# Weapon R or K&N



## traderj (Jul 27, 2010)

For a 2009 SE-R??

Thanks!!


----------



## oshytisjp (Apr 21, 2009)

K&N that shouldnt even be a question haha ... but yea man go with K&N filter ... lets air flow alot smoother that weapon R


----------



## traderj (Jul 27, 2010)

Thought so, just thought I would throw it out there.


----------



## KeyFob (Jul 28, 2010)

KN....................


----------



## SpecArnold (Jan 25, 2011)

*Reply*

I had Weapon R and K&N on my '08 Spec V. I really didn't notice a difference between the two. The Weapon R sounded beast though!  If you do decide to go with Weapon R, I'm selling mine.


----------



## Jeff (Oct 17, 2002)

You won't notice a difference between any aftermarket intake really. Tru dyno comparisons show little difference so your butt dyno definitely won't _feel_ a difference. lol

Of course, going from a choked up stock intake to anything aftermarket may net a small change in power...


----------



## SpecArnold (Jan 25, 2011)

Yeah, that's basically what I was saying. Lol.

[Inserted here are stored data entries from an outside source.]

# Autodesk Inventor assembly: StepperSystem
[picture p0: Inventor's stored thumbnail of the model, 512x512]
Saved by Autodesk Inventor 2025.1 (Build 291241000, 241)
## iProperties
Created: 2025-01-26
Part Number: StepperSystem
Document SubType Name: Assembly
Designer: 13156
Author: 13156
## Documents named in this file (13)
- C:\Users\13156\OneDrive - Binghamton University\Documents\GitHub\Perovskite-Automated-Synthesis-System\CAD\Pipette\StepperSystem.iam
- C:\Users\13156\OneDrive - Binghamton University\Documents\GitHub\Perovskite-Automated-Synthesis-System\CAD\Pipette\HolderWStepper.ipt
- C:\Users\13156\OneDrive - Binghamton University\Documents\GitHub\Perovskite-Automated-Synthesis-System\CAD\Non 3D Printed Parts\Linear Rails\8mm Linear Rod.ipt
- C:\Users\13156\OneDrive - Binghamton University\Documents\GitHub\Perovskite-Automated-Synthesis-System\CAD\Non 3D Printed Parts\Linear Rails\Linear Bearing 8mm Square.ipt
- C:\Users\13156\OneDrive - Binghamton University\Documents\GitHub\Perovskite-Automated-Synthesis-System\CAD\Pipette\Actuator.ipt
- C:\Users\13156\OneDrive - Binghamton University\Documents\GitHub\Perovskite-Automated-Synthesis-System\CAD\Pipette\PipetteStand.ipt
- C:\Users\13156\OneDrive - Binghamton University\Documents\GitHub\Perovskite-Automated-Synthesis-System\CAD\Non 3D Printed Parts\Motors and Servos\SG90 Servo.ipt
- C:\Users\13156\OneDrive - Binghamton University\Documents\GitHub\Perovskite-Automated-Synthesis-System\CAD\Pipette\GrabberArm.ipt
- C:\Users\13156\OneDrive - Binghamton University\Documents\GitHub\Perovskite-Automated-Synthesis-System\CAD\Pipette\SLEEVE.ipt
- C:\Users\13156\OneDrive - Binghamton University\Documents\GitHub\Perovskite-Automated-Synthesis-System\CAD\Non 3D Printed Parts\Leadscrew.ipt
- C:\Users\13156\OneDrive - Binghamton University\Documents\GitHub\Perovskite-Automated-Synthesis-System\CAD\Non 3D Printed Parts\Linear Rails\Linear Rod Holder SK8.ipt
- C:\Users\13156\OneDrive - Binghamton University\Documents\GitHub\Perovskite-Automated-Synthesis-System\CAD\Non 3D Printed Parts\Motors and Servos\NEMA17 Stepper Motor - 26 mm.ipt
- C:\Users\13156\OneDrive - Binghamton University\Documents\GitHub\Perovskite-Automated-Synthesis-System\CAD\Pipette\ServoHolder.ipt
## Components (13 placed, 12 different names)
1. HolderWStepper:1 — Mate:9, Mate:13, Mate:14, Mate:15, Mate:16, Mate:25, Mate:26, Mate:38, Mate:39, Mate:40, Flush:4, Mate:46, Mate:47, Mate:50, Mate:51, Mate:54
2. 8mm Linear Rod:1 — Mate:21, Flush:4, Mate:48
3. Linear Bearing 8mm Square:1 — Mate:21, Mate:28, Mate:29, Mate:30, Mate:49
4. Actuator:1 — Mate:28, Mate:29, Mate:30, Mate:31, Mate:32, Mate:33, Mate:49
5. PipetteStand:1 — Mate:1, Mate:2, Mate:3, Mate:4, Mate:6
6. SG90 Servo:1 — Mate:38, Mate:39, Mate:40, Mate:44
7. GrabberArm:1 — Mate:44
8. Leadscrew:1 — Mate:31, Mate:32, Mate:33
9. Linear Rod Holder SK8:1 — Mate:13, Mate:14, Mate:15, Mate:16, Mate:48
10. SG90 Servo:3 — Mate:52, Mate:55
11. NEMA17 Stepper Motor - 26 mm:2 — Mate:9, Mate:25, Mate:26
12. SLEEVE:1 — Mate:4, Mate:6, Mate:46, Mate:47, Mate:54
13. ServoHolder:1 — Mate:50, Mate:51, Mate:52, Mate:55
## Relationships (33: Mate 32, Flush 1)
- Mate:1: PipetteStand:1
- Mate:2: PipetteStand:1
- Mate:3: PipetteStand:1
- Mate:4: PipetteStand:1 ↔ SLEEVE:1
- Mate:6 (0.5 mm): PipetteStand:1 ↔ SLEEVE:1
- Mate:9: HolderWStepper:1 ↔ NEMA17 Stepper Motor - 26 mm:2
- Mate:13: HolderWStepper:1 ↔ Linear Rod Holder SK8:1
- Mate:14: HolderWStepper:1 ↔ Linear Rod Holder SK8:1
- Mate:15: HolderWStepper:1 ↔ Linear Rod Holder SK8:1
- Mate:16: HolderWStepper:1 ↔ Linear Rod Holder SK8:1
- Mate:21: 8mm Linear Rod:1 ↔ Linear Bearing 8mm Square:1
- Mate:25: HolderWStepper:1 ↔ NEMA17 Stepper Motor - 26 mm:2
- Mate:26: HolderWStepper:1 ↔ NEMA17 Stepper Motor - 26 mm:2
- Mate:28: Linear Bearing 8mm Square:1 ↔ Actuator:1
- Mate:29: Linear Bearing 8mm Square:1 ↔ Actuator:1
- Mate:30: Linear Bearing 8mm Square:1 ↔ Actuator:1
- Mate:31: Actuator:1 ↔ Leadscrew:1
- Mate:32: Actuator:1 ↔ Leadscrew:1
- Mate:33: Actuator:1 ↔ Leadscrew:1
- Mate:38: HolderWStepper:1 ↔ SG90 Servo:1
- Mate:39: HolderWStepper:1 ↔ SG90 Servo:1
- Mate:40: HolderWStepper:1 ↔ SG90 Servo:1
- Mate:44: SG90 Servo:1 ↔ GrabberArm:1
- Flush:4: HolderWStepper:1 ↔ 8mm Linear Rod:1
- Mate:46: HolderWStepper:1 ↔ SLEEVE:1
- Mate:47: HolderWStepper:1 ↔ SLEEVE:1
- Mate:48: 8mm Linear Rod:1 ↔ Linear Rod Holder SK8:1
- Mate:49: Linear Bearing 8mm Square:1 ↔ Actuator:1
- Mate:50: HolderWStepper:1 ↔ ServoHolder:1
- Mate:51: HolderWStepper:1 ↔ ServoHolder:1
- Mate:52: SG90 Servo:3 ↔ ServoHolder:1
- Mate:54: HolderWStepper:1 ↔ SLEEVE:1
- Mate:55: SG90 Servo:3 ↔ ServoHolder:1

Though, the Weapon R definitely sounds better than K&N!


----------



## smj999smj (Jan 1, 2006)

Unfortunately, they also let a lot more dirt pass than a stock Nissan filter, so your engine and mass air sensor pay the price for that sound and minimal performance gain. Most oiled cloth filters like K&N only show any noticeable power gains at very high RPM, which most street drive vehicles hardly ever see.


----------



## Thrusty (Feb 3, 2013)

I bought the k&n typhoon for my 07 spec. Seems like it woke my car rite up. Love the sound of it as well. It whistles and once I hit 3k on the tach it gets loud and throughty! Yoy will be satisfied ! Was the 1st thing I did w mine.

Sent from my SCH-I800 using AutoGuide.Com Free App


----------



## smj999smj (Jan 1, 2006)

Hopefully he made his decision by now as the post is 2 years old!


----------